Зимой Лужки засыпало снегом, и никаких дорог сюда не было. Старушки безвылазно жили в своих избах, а по вечерам ходили к «богачке» играть по полкопейки в истрепанное, чудом сохранившееся с незапамятных времен лото. Они так привыкли к этой игре, так любили выигрывать копейки, что, если бы вдруг у них не стало этого лото, они бы очень и очень горевали. Они берегли его, как святую икону, и чуть ли не молились на истрепанные, почерневшие листы и бренчащие деревянные бочоночки в холщовом мешочке. «Двадцать три — нос утри! — тихо выкрикивала какая-нибудь старушка. — Восемь — сено косим!» А другие напряженно молчали, подслеповато вглядываясь в черные цифры на картах, накрывали их всякими щепочками, картоночками или подсолнышками, пока одна из них не вскрикивала молодо-весело: «Окончила на нижней!.. Давайте-ка сюда богатство мое, давайте!» Все сокрушались по этому поводу, очень переживали свои неудачи, особенно если выигрывала «богачка». И лишь когда удача выпадала на долю почти ослепшей старушки, которая тоже принимала участие в игре, хотя следили за ее картами все вместе, бывали довольны и шумно поздравляли свою подругу, а та розовела лицом и улыбалась смущенно. Иногда же по молчаливому согласию друг с другом они нарочно проигрывали ей, особенно если слишком уж долго не везло в игре бедной слепушке.
Бугорков все эти копеечные игры презирал и занимался в холодное время года — с осени и до весны — охотой и рыбной ловлей. Всегда в его доме зимой стояли где-нибудь в уголочке правильцы с натянутой заячьей шкуркой наружу желтой подсыхающей мездрой с кровавенькими дырочками от дроби.
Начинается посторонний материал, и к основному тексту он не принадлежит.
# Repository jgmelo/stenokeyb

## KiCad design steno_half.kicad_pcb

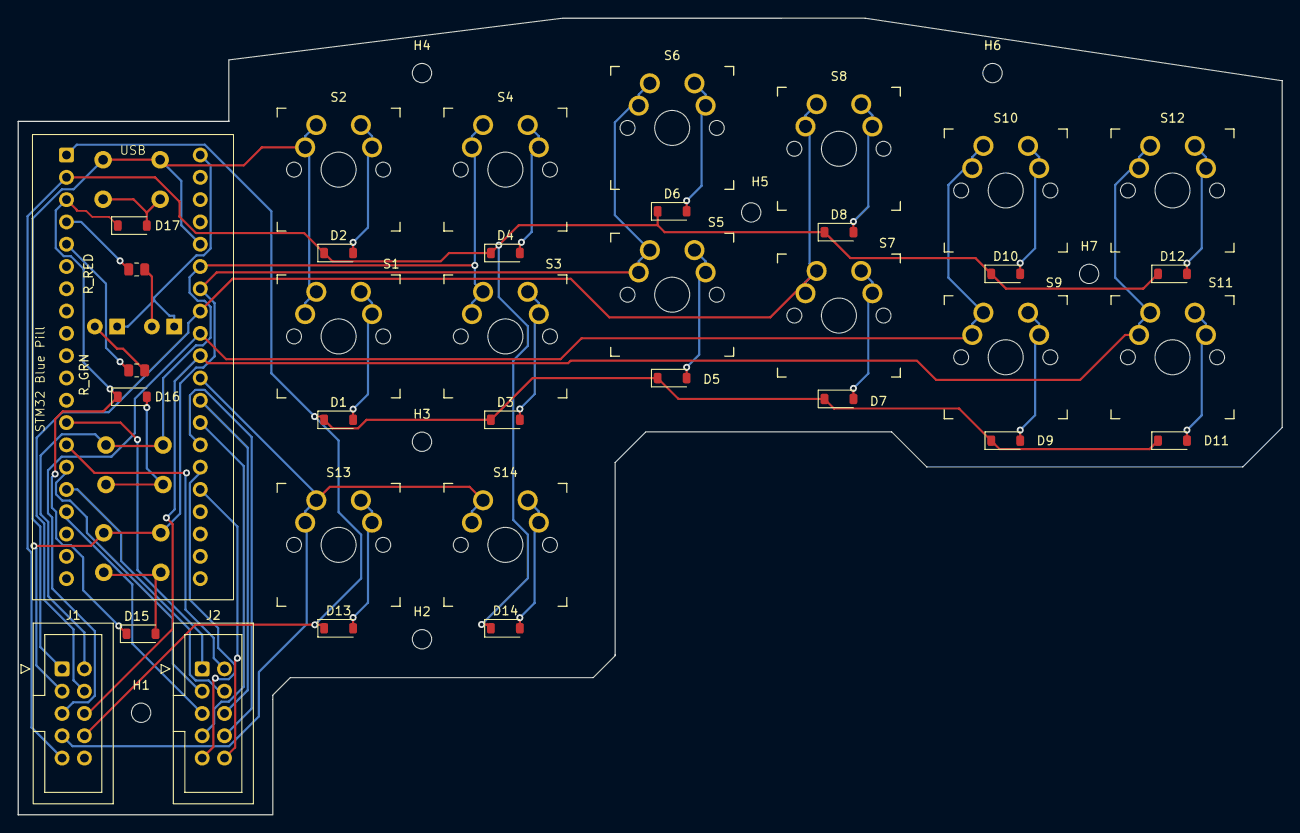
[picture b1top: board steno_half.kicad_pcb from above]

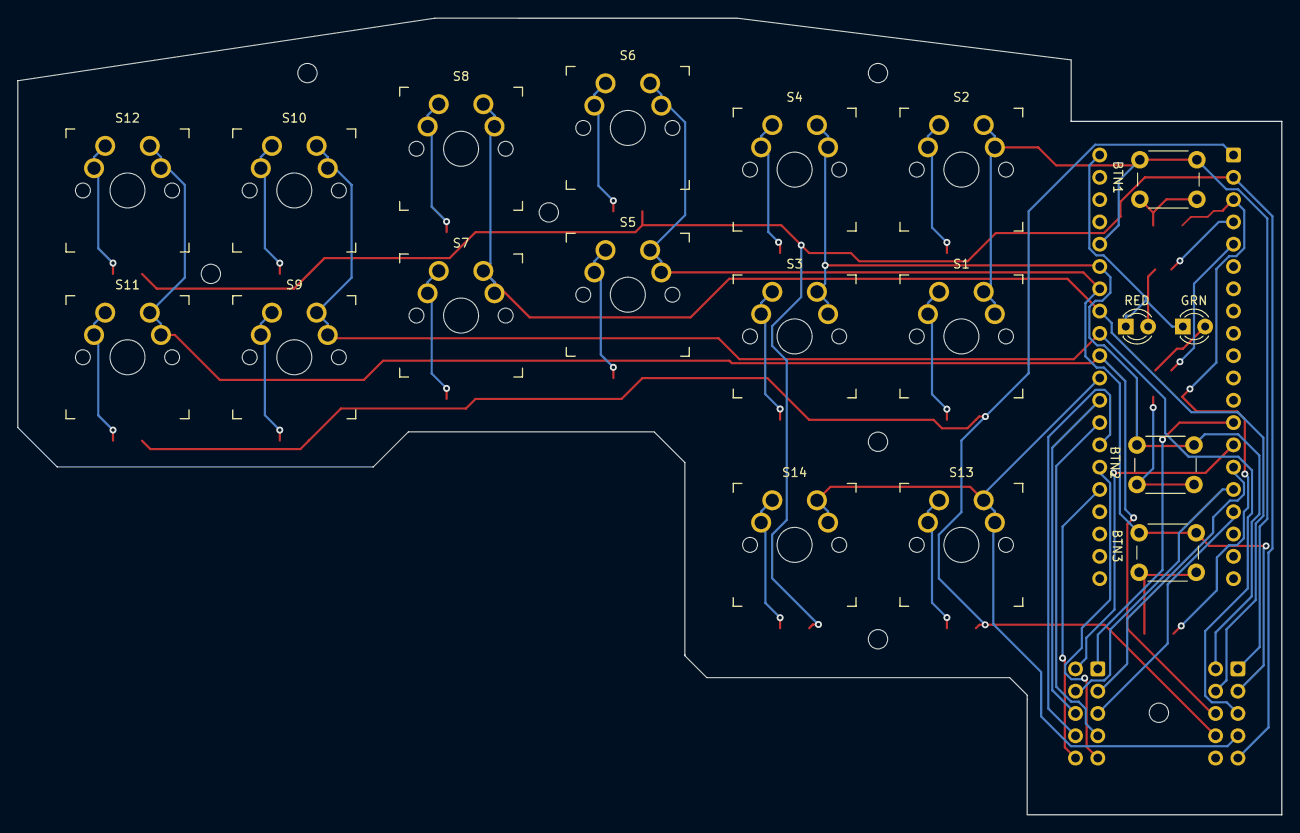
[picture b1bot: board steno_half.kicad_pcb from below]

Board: 2 copper layers, 144.0 x 90.8 mm, 48 parts (5 on the bottom side), 42 nets.

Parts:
BTN1, BTN2, BTN3: SW_PUSH_6mm
D1, D2, D3, D4, D5, D6, D7, D8, D9, D10, D11, D12, D13, D14: D_SOD-123
D15, D16, D17: D_SOD-123
GRN: LED_D3.0mm
H1, H2, H3, H4, H5, H6, H7: MountingHole_2.2mm_M2
J1, J2: IDC-Header_2x05_P2.54mm_Vertical
RED: LED_D3.0mm
R_GRN: R_0805_2012Metric
R_RED: R_0805_2012Metric
S1, S2, S3, S4, S5, S6, S7, S8, S9, S10, S11, S12, S13, S14: SW_MX_reversible
STM32 Blue Pill: STM32BluePill_2x20_P2.54mm_socketed

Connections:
BTN1: BTN1.2, D17.2
BTN2: BTN2.2, D16.2
BTN3: BTN3.2, D15.2
C0: BTN1.1, J1.1, S1.1, S2.1, STM32 Blue Pill.25
C1: BTN2.1, J1.2, S3.1, S4.1, STM32 Blue Pill.26
C2: BTN3.1, J1.3, S5.1, S6.1, STM32 Blue Pill.27
C3: J1.4, S7.1, S8.1, STM32 Blue Pill.28
C4: J1.5, S9.1, S10.1, STM32 Blue Pill.29
C5: J1.6, S11.1, S12.1, STM32 Blue Pill.30
C6: J1.7, S13.1, S14.1, STM32 Blue Pill.31
GND: GRN.1, RED.1, STM32 Blue Pill.21
LED_GRN_A: GRN.2, R_GRN.2
LED_GRN_GPIO: R_GRN.1, STM32 Blue Pill.5
LED_RED_A: RED.2, R_RED.2
LED_RED_GPIO: R_RED.1, STM32 Blue Pill.4
R0: D1.1, D3.1, D5.1, D7.1, D9.1, D11.1, D13.1, J1.8, STM32 Blue Pill.1
R1: D2.1, D4.1, D6.1, D8.1, D10.1, D12.1, D14.1, J1.9, STM32 Blue Pill.2
R2: D15.1, D16.1, D17.1, STM32 Blue Pill.3
X1: J2.1, STM32 Blue Pill.13
X2: J2.2, STM32 Blue Pill.14
X3: J2.3, STM32 Blue Pill.15
X4: J2.4, STM32 Blue Pill.16
X5: J2.5, STM32 Blue Pill.17
X6: J2.6, STM32 Blue Pill.32
X7: J2.7, STM32 Blue Pill.33
X8: J2.8, STM32 Blue Pill.34
X9: J2.9, STM32 Blue Pill.35
X10: J2.10, STM32 Blue Pill.36
dz_bottom: D11.2, S11.2
dz_top: D12.2, S12.2
e_thumb: D13.2, S13.2
fr_bottom: D3.2, S3.2
fr_top: D4.2, S4.2
lg_bottom: D7.2, S7.2
lg_top: D8.2, S8.2
pb_bottom: D5.2, S5.2
pb_top: D6.2, S6.2
star_bottom: D1.2, S1.2
star_top: D2.2, S2.2
ts_bottom: D9.2, S9.2
ts_top: D10.2, S10.2
u_thumb: D14.2, S14.2

Зато когда наступали теплые дни, когда прогретая земля зарастала молодой травой, а из скворечника уже высовывались желторотые птенцы, жизнь его круто менялась: приезжали внуки и внучки, дочери с мужьями и, конечно, старший внучек от старшего сына, то есть от первой, умершей давно жены, любезный его сердцу Николашка, Николенька, который, как казалось Бугоркову, унаследовал лучшие черты дедовского характера, хотя отец и был непутевым, болезненным мужиком, не прожившим на свете и пятидесяти годов и умершим «на нервной почве», потому что он сразу же после войны поступил в Московский экономический институт, работал плановиком в книжном издательстве и, конечно, надорвался, ибо не его это было дело — жить в суматошной Москве да еще планировать издания всяких книг, которых отродясь не было в доме старого Бугоркова. А вот Николашка ужился на гнилых отцовских корнях, пустил свои и не только не чурался деревенского рода, как его покойный отец, а, наоборот, гордился им и деда своего любил — любил слушать его рассказы о прошлом, о своей прабабке — дворовой девке, которая прижила от помещика Самсонова ребенка, похожего на кучерявенького цыганчика со светленькими глазками, окрещенного Сергеем. От него пошли потом такие же смуглые и сухопарые дети, а среди них и Саша, Александр Сергеевич Бугорков собственной персоной, которому суждено было пережить братьев и сестер. Имена у них у всех были не простые, не крестьянские — Петр, Алексей, Николай, — что по тем временам было редкостью. Видно, не только Самсонова Гелыцала миловидная в молодости прародительница, но и батюшка тоже благоволил к ней, выбирая для ее отпрысков красивые имена в святцах.